My first question variation got no response, so I'm thinking my question is bigger than I thought. SO... here's one part of the question in simplified form.
Context for my question: we have a large quantity of documents that are reasonably well formatted using para/char styles and few overrides. My job is to add XML structure to the document. I've written some nice scripts that translate styles into tags and such, but I have some richer auto-tagging to do and have no idea how to get from here to there. I suspect that some kind of range management and/or grep-based search might help, but as a noob I don't know how to script that, have not found any examples after hours of searching/reading, and would love a few hints to get me going.
My first-step question (I think) is how to script a (grep?) that will select a range based on paragraph styles (or tags if that helps -- making tags from styles is now easy for me). Here's what I want to do, using a (fake) exmaple...
Paragraph styles are in ## (or you could think of them as tags if that is easier/works better...)
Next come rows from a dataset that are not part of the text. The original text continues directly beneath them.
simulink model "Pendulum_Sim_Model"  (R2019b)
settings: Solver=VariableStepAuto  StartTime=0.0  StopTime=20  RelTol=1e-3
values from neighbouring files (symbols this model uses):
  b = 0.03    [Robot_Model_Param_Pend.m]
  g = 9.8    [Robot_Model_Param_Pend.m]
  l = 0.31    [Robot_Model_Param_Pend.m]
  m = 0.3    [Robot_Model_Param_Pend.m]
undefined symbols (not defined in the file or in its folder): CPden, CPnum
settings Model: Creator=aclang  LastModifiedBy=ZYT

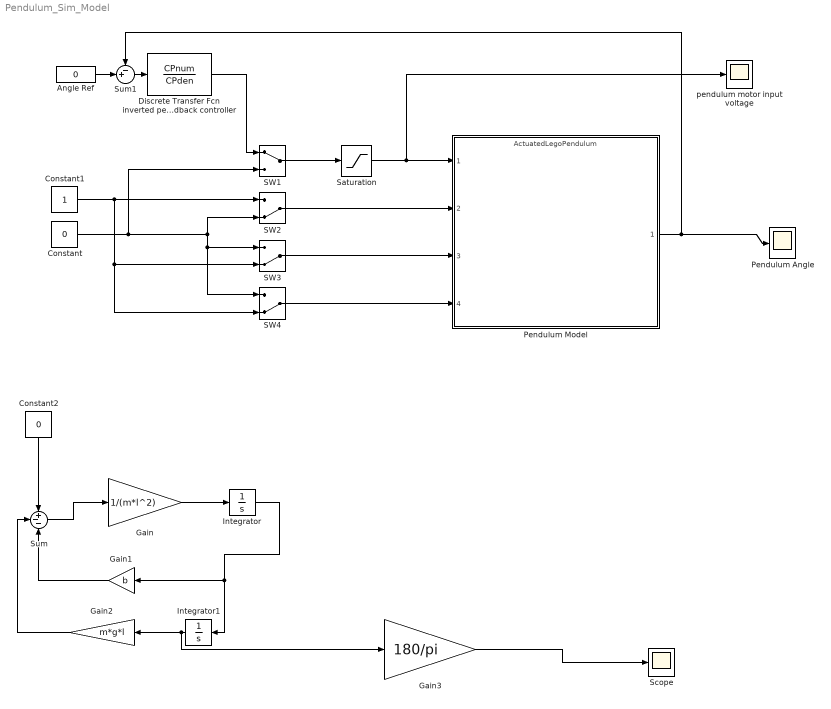
== system Pendulum_Sim_Model ==
  "  Saturation" : Saturate  UpperLimit=100  LowerLimit=-100
  Angle Ref : Constant  Value=0
  Constant : Constant  Value=0
  Constant1 : Constant
  Constant2 : Constant  Value=0
  Discrete Transfer Fcn inverted pendulum feedback controller : DiscreteTransferFcn  Numerator=CPnum  Denominator=CPden
  Gain : Gain  Gain=1/(m*l^2)
  Gain1 : Gain  Gain=b
  Gain2 : Gain  Gain=m*g*l
  Gain3 : Gain  Gain=180/pi
  Integrator : Integrator
  Integrator1 : Integrator  InitialCondition=pi/2
  Pendulum Angle : Scope
  Pendulum Model : ModelReference  StopFcn=|  ModelNameDialog=ActuatedLegoPendulum.slxp  ModelReferenceVersion=1.55  CopyOfModelProtected=on
      | %%%%%%%%%%%%%%%%%%%%%%%%%%%%%%%%%%%%%%%%%%%%%%%%%%%%%%%%%%%%%%%%%%%%%%%%%%
      | % Script for producing pendulum animation from data 
      | % generated by Simulink model Pendulum_Sim_Model
      | %
      | %%%%%%%%%%%%%%%%%%%%%%%%%%%%%%%%%%%%%%%%%%%%%%%%%%%%%%%%%%%%%%%%%%%%%%%%%%
      | % Created by M.Cantoni on 2020-10-06
      | %
      | % Updated by Armaghan Zafar on 2021-09-21
      | % to run with Workshop 4 design by Adair Lang
      | %%%%%%%%%%%%%%%%%%%%%%%%%%%%%%%%%%%%%%%%%%%%%%%%%%%%%%%%%%%%%%%%%%%%%%%%%
      | 
      | %%%% sim_ini is the pendulum XY data
      | 
      | sim_ini_dt = max(out.sim_ini.time)/50;   %% Reduces total no. of point to plot
      | sim_ini_loops = round(max(out.sim_ini.time)/sim_ini_dt);
      | 
      | sim_ini_xpend = [];
      | sim_ini_ypend = [];
      | 
      | for sim_ini_i = 1:sim_ini_loops
      |     sim_ini_ind = find(out.sim_ini.time <= (sim_ini_i-1)*sim_ini_dt);
      |     sim_ini_xpend = [sim_ini_xpend out.sim_ini.data(max(sim_ini_ind),1)];
      |     sim_ini_ypend = [sim_ini_ypend out.sim_ini.data(max(sim_ini_ind),2)];
      | end
      | 
      | sim_ini_xmax = 1.5*max(abs(sim_ini_xpend));
      | sim_ini_xmin = -sim_ini_xmax;
      | 
      | sim_ini_ymax = 1.5*max(abs(sim_ini_ypend));
      | sim_ini_ymin = -sim_ini_ymax;
      | 
      | figure;
      | plot(sim_ini_xmin,sim_ini_ymin,sim_ini_xmax,sim_ini_ymax);
      | xlabel('Position of Pendulum');
      | ylabel('Position above/below the pivot');
      | title('Pendulum (circle) on a pivot (square)');
      | axis tight manual
      | sim_ini_ax = gca;
      | sim_ini_ax.NextPlot = 'replaceChildren';
      | 
      | set(gca,'visible','off')
      | sim_ini_fig = gcf;
      | sim_ini_fig.MenuBar = 'none';
      | 
      | for sim_ini_i = 1:sim_ini_loops %length(out.sim_ini.time)
      |     plot(0,sim_ini_xpend(1),'ks',sim_ini_xpend(sim_ini_i),sim_ini_ypend(sim_ini_i),'bo',[0,sim_ini_xpend(sim_ini_i)],[sim_ini_xpend(1),sim_ini_ypend(sim_ini_i)],'k-','LineWidth',2,'MarkerSize',12);
      |     set(gca,'visible','off')
      |     sim_ini_fig = gcf;
      |     sim_ini_fig.MenuBar = 'none';
      |     drawnow
      | end
      | 
      | out.sim_ini = [];
      | close (sim_ini_fig);
      | clear sim_ini_*
  SW1 : ManualSwitch
  "SW2 " : ManualSwitch  CurrentSetting=0
  SW3 : ManualSwitch  CurrentSetting=0
  SW4 : ManualSwitch  CurrentSetting=0
  Scope : Scope
  Sum : Sum  Inputs=+--
  Sum1 : Sum  Inputs=-+|
  pendulum motor input voltage : Scope
  wires:
  Constant1/1 -> SW4/2, SW3/2, "SW2 "/1
  Constant/1 -> SW1/2, SW3/1, SW4/1, "SW2 "/2
  "SW2 "/1 -> Pendulum Model/2
  SW3/1 -> Pendulum Model/3
  SW4/1 -> Pendulum Model/4
  Discrete Transfer Fcn inverted pendulum feedback controller/1 -> SW1/1
  SW1/1 -> "  Saturation"/1
  "  Saturation"/1 -> pendulum motor input voltage/1, Pendulum Model/1
  Sum1/1 -> Discrete Transfer Fcn inverted pendulum feedback controller/1
  Angle Ref/1 -> Sum1/2
  Pendulum Model/1 -> Sum1/1, Pendulum Angle/1
  Constant2/1 -> Sum/1
  Gain/1 -> Integrator/1
  Integrator/1 -> Integrator1/1, Gain1/1
  Integrator1/1 -> Gain3/1, Gain2/1
  Gain1/1 -> Sum/3
  Gain2/1 -> Sum/2
  Sum/1 -> Gain/1
  Gain3/1 -> Scope/1

#header#Topic A Header#/header#
#Content1#Intro: Day 1 topic#/Content1#
#ContentTricky#Blah blah blah#/ContentTricky#
#headerX#Topic B Header#/headerX#
#ContentNormal#This section has a slightly different header style, as you can see#/ContentNormal#
Two kinds of selection I need to do:
1) Select content from one para style up to but not including the next para of the same style (eg from #subhead# up to but not including the next #subhead#)
2) Select content AFTER one para style (eg AFTER #header#) up to but not including the next matching one
and finally a wildcard version:
3) Same as #2 but up-to any para whose style begins with "header" ie header* (of course I have access to the whole list of styles, so if necessary I could search for each of several styles and choose the one that comes first...)
I'm assuming I do some kind of "Find para style X" then somehow adjust the start point to the spot right after that para... then do the same for the end point of the range... but this is quickly beyond me.
Thanks MUCH for any hints anybody can provide. Pointers to documents or tutorials would be fine. I just haven't found any examples that address these kinds of things.